The decision was not well received by Princeton athletics or by the Ivy League as a whole. Head basketball coach Pete Carril saw the decision as “accelerat[ing] the excess amount of male prostitution already going on in most athletic departments.” Many at Princeton had opinions similar to Carril’s — though they may not have phrased them quite as harshly — prompting then-athletic director R. Kenneth Fairman to say, “I don’t think the Ivy League will change its position in the near future.”

And that was the case. The Ivy League maintained its staunch position against freshman eligibility until it faced a two-part dilemma: the decreasing quality of play of Ivy League basketball itself and the increasing financial burden of supporting freshman and varsity teams. In 1974, no Ivy League team received votes for a place in the top 25 by the end of the season — something that was unusual for the time.

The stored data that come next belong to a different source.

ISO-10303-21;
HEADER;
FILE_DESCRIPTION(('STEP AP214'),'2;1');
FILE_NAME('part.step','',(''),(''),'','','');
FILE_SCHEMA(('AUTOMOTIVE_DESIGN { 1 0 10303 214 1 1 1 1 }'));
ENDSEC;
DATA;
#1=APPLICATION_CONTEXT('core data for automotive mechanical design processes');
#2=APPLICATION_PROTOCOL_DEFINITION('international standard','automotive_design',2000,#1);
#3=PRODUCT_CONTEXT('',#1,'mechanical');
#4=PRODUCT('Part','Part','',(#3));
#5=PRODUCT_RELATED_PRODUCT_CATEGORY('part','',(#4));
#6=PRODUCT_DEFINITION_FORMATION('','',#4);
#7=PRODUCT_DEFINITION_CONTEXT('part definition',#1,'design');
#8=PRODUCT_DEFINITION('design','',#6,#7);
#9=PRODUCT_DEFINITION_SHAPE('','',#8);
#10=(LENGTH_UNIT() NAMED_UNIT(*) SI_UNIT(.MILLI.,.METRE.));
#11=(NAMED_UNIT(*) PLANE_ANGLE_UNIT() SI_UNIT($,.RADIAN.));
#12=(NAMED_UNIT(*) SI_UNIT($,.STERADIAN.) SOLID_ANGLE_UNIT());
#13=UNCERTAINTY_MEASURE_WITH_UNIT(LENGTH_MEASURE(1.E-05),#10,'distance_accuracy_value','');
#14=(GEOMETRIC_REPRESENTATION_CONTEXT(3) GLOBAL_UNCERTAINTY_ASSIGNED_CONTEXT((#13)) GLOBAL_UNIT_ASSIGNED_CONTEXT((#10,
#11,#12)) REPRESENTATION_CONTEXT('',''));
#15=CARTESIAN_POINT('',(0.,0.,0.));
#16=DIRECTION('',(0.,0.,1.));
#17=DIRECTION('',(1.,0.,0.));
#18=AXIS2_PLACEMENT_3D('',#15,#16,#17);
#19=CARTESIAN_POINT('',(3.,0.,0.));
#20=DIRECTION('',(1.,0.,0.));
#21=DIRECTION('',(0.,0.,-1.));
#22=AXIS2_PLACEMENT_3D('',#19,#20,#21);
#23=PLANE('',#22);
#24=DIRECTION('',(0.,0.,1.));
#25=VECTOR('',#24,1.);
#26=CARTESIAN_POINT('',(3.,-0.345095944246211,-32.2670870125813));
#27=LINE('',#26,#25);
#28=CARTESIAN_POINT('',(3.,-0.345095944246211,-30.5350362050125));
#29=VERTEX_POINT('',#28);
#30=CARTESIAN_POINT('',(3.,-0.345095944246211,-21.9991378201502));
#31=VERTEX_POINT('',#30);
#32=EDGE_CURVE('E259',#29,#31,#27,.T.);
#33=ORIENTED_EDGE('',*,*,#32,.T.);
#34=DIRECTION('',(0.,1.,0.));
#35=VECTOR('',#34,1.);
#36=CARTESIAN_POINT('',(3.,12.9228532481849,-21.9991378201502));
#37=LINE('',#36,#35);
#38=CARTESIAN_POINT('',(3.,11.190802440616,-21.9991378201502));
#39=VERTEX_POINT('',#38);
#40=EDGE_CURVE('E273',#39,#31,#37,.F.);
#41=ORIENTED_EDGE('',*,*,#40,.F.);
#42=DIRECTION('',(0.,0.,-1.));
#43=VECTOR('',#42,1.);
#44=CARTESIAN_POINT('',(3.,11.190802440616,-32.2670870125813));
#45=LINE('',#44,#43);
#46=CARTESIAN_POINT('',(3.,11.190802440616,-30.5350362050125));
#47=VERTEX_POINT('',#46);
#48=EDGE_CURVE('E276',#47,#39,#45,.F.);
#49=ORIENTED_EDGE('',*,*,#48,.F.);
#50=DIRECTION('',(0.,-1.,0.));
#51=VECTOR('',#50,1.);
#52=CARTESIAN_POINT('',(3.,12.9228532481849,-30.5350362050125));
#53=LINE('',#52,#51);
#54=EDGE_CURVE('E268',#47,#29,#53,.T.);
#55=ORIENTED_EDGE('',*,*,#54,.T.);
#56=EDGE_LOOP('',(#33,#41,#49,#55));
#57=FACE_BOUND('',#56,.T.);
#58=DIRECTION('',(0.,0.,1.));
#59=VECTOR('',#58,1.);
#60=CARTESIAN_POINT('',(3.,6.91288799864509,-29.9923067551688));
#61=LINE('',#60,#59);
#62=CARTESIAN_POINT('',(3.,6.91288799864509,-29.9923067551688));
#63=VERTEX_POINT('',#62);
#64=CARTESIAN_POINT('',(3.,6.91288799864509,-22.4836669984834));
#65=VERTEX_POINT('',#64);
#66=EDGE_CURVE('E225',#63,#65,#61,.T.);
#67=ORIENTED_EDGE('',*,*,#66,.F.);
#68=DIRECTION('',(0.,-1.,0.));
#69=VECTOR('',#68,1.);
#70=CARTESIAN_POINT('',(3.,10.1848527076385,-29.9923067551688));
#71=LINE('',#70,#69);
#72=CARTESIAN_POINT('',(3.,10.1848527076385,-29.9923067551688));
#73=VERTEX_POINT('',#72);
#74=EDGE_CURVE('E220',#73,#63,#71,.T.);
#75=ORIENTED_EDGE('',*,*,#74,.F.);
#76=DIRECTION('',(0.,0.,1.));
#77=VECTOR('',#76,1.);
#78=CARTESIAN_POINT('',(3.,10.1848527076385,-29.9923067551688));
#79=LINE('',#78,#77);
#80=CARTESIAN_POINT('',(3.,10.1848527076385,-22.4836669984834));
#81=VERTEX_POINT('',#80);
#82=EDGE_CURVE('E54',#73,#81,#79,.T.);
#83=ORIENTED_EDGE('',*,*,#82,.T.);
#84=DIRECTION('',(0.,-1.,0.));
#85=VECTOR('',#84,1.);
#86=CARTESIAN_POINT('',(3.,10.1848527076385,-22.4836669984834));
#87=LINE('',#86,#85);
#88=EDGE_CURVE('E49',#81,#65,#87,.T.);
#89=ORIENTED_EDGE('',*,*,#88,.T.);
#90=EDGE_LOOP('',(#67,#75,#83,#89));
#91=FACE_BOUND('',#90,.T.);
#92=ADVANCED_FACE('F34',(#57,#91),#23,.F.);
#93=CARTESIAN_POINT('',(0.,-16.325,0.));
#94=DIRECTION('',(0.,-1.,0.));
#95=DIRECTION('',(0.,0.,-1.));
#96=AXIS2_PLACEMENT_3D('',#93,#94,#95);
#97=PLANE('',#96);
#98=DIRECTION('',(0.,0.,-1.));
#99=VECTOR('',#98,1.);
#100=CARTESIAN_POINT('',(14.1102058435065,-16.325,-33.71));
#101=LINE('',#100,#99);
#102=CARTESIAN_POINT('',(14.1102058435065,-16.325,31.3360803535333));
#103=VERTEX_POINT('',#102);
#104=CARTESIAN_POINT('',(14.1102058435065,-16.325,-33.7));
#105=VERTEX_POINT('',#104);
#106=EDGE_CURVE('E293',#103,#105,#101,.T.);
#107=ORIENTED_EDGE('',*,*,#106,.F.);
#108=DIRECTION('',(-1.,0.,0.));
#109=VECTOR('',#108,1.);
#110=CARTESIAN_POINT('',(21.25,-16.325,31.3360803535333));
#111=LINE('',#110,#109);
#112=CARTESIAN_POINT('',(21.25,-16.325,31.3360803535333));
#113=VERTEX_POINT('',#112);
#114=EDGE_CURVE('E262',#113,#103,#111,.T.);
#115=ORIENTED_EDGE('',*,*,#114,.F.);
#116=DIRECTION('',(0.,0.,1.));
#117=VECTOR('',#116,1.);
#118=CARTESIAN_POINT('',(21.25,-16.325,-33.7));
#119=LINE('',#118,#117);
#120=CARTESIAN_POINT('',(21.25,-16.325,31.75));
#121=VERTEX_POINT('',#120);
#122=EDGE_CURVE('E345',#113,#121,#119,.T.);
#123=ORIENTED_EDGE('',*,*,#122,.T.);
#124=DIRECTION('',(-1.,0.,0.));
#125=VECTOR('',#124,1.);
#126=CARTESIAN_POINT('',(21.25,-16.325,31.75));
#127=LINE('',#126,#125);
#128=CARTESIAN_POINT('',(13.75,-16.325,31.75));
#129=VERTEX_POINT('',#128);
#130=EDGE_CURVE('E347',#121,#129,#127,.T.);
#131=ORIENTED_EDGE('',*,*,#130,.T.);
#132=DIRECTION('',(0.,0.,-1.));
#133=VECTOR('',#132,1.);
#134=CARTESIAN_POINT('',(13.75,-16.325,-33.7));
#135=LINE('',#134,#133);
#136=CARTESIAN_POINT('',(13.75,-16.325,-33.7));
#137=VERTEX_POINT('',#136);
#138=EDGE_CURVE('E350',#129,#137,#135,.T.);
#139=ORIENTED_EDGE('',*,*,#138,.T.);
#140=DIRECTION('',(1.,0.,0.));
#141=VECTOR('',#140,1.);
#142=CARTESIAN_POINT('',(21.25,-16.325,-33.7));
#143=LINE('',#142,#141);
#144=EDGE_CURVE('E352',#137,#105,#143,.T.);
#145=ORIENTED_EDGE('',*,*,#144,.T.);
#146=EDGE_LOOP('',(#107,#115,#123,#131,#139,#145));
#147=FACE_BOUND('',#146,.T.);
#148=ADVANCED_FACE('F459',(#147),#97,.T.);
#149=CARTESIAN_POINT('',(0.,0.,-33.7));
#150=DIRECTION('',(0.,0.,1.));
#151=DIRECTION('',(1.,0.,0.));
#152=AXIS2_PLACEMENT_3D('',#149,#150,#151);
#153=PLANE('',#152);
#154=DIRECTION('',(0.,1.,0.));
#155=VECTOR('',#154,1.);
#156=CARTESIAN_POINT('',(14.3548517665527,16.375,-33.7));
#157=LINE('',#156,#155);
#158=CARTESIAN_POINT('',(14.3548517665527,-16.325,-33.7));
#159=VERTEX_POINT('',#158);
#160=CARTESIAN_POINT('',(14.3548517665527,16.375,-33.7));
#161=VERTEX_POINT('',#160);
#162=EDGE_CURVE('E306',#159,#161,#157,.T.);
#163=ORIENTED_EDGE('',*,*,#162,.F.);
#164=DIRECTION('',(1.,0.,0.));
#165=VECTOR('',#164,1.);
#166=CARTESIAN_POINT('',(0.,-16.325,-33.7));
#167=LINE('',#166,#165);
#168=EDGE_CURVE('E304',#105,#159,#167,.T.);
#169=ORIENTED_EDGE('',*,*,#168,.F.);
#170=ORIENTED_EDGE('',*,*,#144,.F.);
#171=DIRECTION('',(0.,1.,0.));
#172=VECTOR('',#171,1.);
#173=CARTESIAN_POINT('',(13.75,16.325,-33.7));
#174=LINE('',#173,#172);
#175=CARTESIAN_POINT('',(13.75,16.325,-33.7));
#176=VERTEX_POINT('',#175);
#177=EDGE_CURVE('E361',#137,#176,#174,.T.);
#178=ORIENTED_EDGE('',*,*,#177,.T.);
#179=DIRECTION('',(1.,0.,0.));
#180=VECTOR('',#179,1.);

By 1975, the University was reluctantly beginning to take measures to cut freshman teams in order to decrease costs, though still avoiding freshman entry into basketball, football and men’s crew. As to why these particular sports were still to be upperclassmen-only, then-associate athletic director Sam Howell ’50 said that “the psychic pressure characteristic of a highly publicized sport … is too much for freshmen at an academic institution like the Ivy League.”

It seems that such opinions were hard to shake among the higher-ups of Princeton athletics. It was believed that the issue of freshman eligibility in Princeton basketball would be resolved as soon as March of 1975, just as Princeton was beginning to make its moves cutting the freshman teams. Howell himself predicted that the coach of the freshman team would be departing from the school. However, the current system would not die so easily, and the University was still at an impasse by June of that year, continuing to lose money on the freshman squad.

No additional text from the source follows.